Top of Provided material

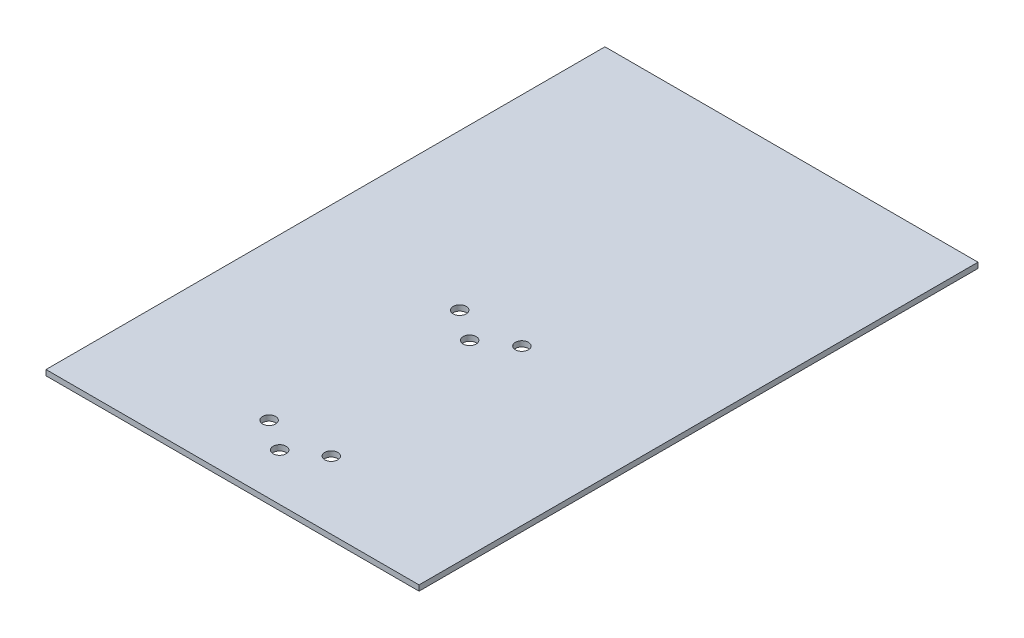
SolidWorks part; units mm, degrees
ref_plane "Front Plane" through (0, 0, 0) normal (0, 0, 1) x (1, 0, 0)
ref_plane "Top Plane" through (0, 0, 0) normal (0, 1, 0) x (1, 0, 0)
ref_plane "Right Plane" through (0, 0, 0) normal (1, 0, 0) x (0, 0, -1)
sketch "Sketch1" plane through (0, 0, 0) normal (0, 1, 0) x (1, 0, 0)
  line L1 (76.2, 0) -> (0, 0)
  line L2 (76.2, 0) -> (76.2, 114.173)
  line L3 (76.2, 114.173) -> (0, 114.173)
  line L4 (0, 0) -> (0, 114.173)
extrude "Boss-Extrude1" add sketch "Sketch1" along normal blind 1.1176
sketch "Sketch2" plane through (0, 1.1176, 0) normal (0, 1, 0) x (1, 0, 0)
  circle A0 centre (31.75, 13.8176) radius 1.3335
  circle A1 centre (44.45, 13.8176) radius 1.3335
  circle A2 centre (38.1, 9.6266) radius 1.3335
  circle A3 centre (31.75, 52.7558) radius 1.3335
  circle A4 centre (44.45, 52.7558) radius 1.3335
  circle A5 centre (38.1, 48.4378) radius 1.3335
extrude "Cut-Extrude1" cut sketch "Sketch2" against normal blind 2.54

Bottom of Provided material

* [Task objective]
Every line above needs to be written out again as it stands. Pictures do not belong in the copy.

* [Task answer]
SolidWorks part; units mm, degrees
ref_plane "Front Plane" through (0, 0, 0) normal (0, 0, 1) x (1, 0, 0)
ref_plane "Top Plane" through (0, 0, 0) normal (0, 1, 0) x (1, 0, 0)
ref_plane "Right Plane" through (0, 0, 0) normal (1, 0, 0) x (0, 0, -1)
sketch "Sketch1" plane through (0, 0, 0) normal (0, 1, 0) x (1, 0, 0)
  line L1 (76.2, 0) -> (0, 0)
  line L2 (76.2, 0) -> (76.2, 114.173)
  line L3 (76.2, 114.173) -> (0, 114.173)
  line L4 (0, 0) -> (0, 114.173)
extrude "Boss-Extrude1" add sketch "Sketch1" along normal blind 1.1176
sketch "Sketch2" plane through (0, 1.1176, 0) normal (0, 1, 0) x (1, 0, 0)
  circle A0 centre (31.75, 13.8176) radius 1.3335
  circle A1 centre (44.45, 13.8176) radius 1.3335
  circle A2 centre (38.1, 9.6266) radius 1.3335
  circle A3 centre (31.75, 52.7558) radius 1.3335
  circle A4 centre (44.45, 52.7558) radius 1.3335
  circle A5 centre (38.1, 48.4378) radius 1.3335
extrude "Cut-Extrude1" cut sketch "Sketch2" against normal blind 2.54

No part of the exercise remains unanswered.